## Activity
The expected answer is the full listing, repeated exactly and free of images.

(Material for this exercise Opens)

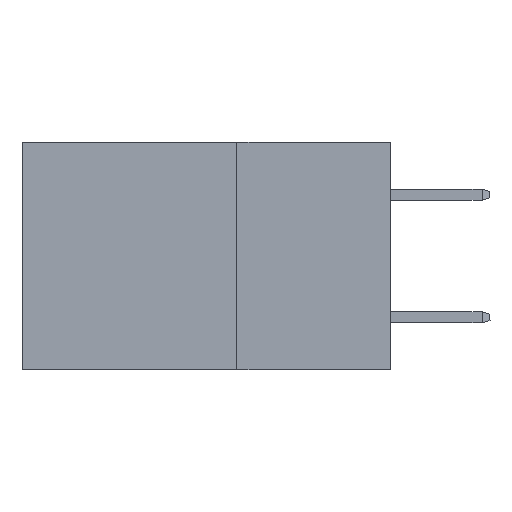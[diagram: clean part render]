
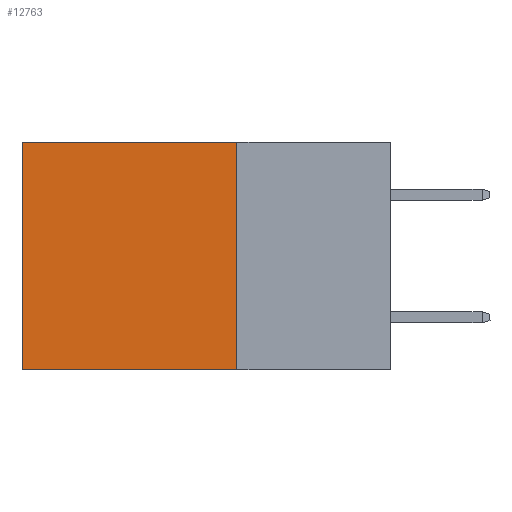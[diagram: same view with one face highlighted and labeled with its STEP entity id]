
A CAD part, left-side view. The second image highlights one B-rep face of the part: STEP entity #12763.
In plain terms, the highlighted planar face has unit normal (-1, 0, 0).
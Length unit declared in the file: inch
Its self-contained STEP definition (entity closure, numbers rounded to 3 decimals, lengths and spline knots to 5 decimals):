
#933 = DIRECTION ( 'NONE',  ( 0., 0., -1. ) ) ;
#980 = EDGE_LOOP ( 'NONE', ( #15367, #14086, #11303, #7391 ) ) ;
#1597 = VECTOR ( 'NONE', #10321, 39.37008 ) ;
#1746 = VECTOR ( 'NONE', #933, 39.37008 ) ;
#1761 = LINE ( 'NONE', #6670, #1597 ) ;
#2041 = AXIS2_PLACEMENT_3D ( 'NONE', #14219, #10346, #14138 ) ;
#2198 = DIRECTION ( 'NONE',  ( 0., 0., -1. ) ) ;
#2269 = CARTESIAN_POINT ( 'NONE',  ( 0.2875, 0.25, 0. ) ) ;
#2367 = EDGE_CURVE ( 'NONE', #9430, #5519, #3317, .T. ) ;
#2817 = CARTESIAN_POINT ( 'NONE',  ( 0.2875, 0.6, -0.37 ) ) ;
#3317 = LINE ( 'NONE', #2269, #12444 ) ;
#5344 = EDGE_CURVE ( 'NONE', #14856, #14349, #6723, .T. ) ;
#5519 = VERTEX_POINT ( 'NONE', #15906 ) ;
#6670 = CARTESIAN_POINT ( 'NONE',  ( 0.2875, 0.25, -0.37 ) ) ;
#6723 = LINE ( 'NONE', #7035, #1746 ) ;
#7035 = CARTESIAN_POINT ( 'NONE',  ( 0.2875, 0.6, 0. ) ) ;
#7391 = ORIENTED_EDGE ( 'NONE', *, *, #7919, .T. ) ;
#7919 = EDGE_CURVE ( 'NONE', #9430, #14856, #13293, .T. ) ;
#9079 = EDGE_CURVE ( 'NONE', #5519, #14349, #1761, .T. ) ;
#9430 = VERTEX_POINT ( 'NONE', #12634 ) ;
#9564 = CARTESIAN_POINT ( 'NONE',  ( 0.2875, 0.25, 0. ) ) ;
#10321 = DIRECTION ( 'NONE',  ( 0., 1., 0. ) ) ;
#10346 = DIRECTION ( 'NONE',  ( 1., 0., 0. ) ) ;
#10776 = DIRECTION ( 'NONE',  ( 0., 1., 0. ) ) ;
#11303 = ORIENTED_EDGE ( 'NONE', *, *, #2367, .F. ) ;
#11316 = CARTESIAN_POINT ( 'NONE',  ( 0.2875, 0.6, 0. ) ) ;
#11550 = FACE_OUTER_BOUND ( 'NONE', #980, .T. ) ;
#12395 = VECTOR ( 'NONE', #10776, 39.37008 ) ;
#12444 = VECTOR ( 'NONE', #2198, 39.37008 ) ;
#12634 = CARTESIAN_POINT ( 'NONE',  ( 0.2875, 0.25, 0. ) ) ;
#12763 = ADVANCED_FACE ( 'NONE', ( #11550 ), #13078, .F. ) ;
#13078 = PLANE ( 'NONE',  #2041 ) ;
#13293 = LINE ( 'NONE', #9564, #12395 ) ;
#14086 = ORIENTED_EDGE ( 'NONE', *, *, #9079, .F. ) ;
#14138 = DIRECTION ( 'NONE',  ( 0., 0., -1. ) ) ;
#14219 = CARTESIAN_POINT ( 'NONE',  ( 0.2875, 0.25, 0. ) ) ;
#14349 = VERTEX_POINT ( 'NONE', #2817 ) ;
#14856 = VERTEX_POINT ( 'NONE', #11316 ) ;
#15367 = ORIENTED_EDGE ( 'NONE', *, *, #5344, .T. ) ;
#15906 = CARTESIAN_POINT ( 'NONE',  ( 0.2875, 0.25, -0.37 ) ) ;

(Material for this exercise Closes)

## Result for this task
[diagram: clean part render]
[diagram: same view with one face highlighted and labeled with its STEP entity id]
A CAD part, left-side view. The second image highlights one B-rep face of the part: STEP entity #12763.
In plain terms, the highlighted planar face has unit normal (-1, 0, 0).
Length unit declared in the file: inch
Its self-contained STEP definition (entity closure, numbers rounded to 3 decimals, lengths and spline knots to 5 decimals):
#933 = DIRECTION ( 'NONE',  ( 0., 0., -1. ) ) ;
#980 = EDGE_LOOP ( 'NONE', ( #15367, #14086, #11303, #7391 ) ) ;
#1597 = VECTOR ( 'NONE', #10321, 39.37008 ) ;
#1746 = VECTOR ( 'NONE', #933, 39.37008 ) ;
#1761 = LINE ( 'NONE', #6670, #1597 ) ;
#2041 = AXIS2_PLACEMENT_3D ( 'NONE', #14219, #10346, #14138 ) ;
#2198 = DIRECTION ( 'NONE',  ( 0., 0., -1. ) ) ;
#2269 = CARTESIAN_POINT ( 'NONE',  ( 0.2875, 0.25, 0. ) ) ;
#2367 = EDGE_CURVE ( 'NONE', #9430, #5519, #3317, .T. ) ;
#2817 = CARTESIAN_POINT ( 'NONE',  ( 0.2875, 0.6, -0.37 ) ) ;
#3317 = LINE ( 'NONE', #2269, #12444 ) ;
#5344 = EDGE_CURVE ( 'NONE', #14856, #14349, #6723, .T. ) ;
#5519 = VERTEX_POINT ( 'NONE', #15906 ) ;
#6670 = CARTESIAN_POINT ( 'NONE',  ( 0.2875, 0.25, -0.37 ) ) ;
#6723 = LINE ( 'NONE', #7035, #1746 ) ;
#7035 = CARTESIAN_POINT ( 'NONE',  ( 0.2875, 0.6, 0. ) ) ;
#7391 = ORIENTED_EDGE ( 'NONE', *, *, #7919, .T. ) ;
#7919 = EDGE_CURVE ( 'NONE', #9430, #14856, #13293, .T. ) ;
#9079 = EDGE_CURVE ( 'NONE', #5519, #14349, #1761, .T. ) ;
#9430 = VERTEX_POINT ( 'NONE', #12634 ) ;
#9564 = CARTESIAN_POINT ( 'NONE',  ( 0.2875, 0.25, 0. ) ) ;
#10321 = DIRECTION ( 'NONE',  ( 0., 1., 0. ) ) ;
#10346 = DIRECTION ( 'NONE',  ( 1., 0., 0. ) ) ;
#10776 = DIRECTION ( 'NONE',  ( 0., 1., 0. ) ) ;
#11303 = ORIENTED_EDGE ( 'NONE', *, *, #2367, .F. ) ;
#11316 = CARTESIAN_POINT ( 'NONE',  ( 0.2875, 0.6, 0. ) ) ;
#11550 = FACE_OUTER_BOUND ( 'NONE', #980, .T. ) ;
#12395 = VECTOR ( 'NONE', #10776, 39.37008 ) ;
#12444 = VECTOR ( 'NONE', #2198, 39.37008 ) ;
#12634 = CARTESIAN_POINT ( 'NONE',  ( 0.2875, 0.25, 0. ) ) ;
#12763 = ADVANCED_FACE ( 'NONE', ( #11550 ), #13078, .F. ) ;
#13078 = PLANE ( 'NONE',  #2041 ) ;
#13293 = LINE ( 'NONE', #9564, #12395 ) ;
#14086 = ORIENTED_EDGE ( 'NONE', *, *, #9079, .F. ) ;
#14138 = DIRECTION ( 'NONE',  ( 0., 0., -1. ) ) ;
#14219 = CARTESIAN_POINT ( 'NONE',  ( 0.2875, 0.25, 0. ) ) ;
#14349 = VERTEX_POINT ( 'NONE', #2817 ) ;
#14856 = VERTEX_POINT ( 'NONE', #11316 ) ;
#15367 = ORIENTED_EDGE ( 'NONE', *, *, #5344, .T. ) ;
#15906 = CARTESIAN_POINT ( 'NONE',  ( 0.2875, 0.25, -0.37 ) ) ;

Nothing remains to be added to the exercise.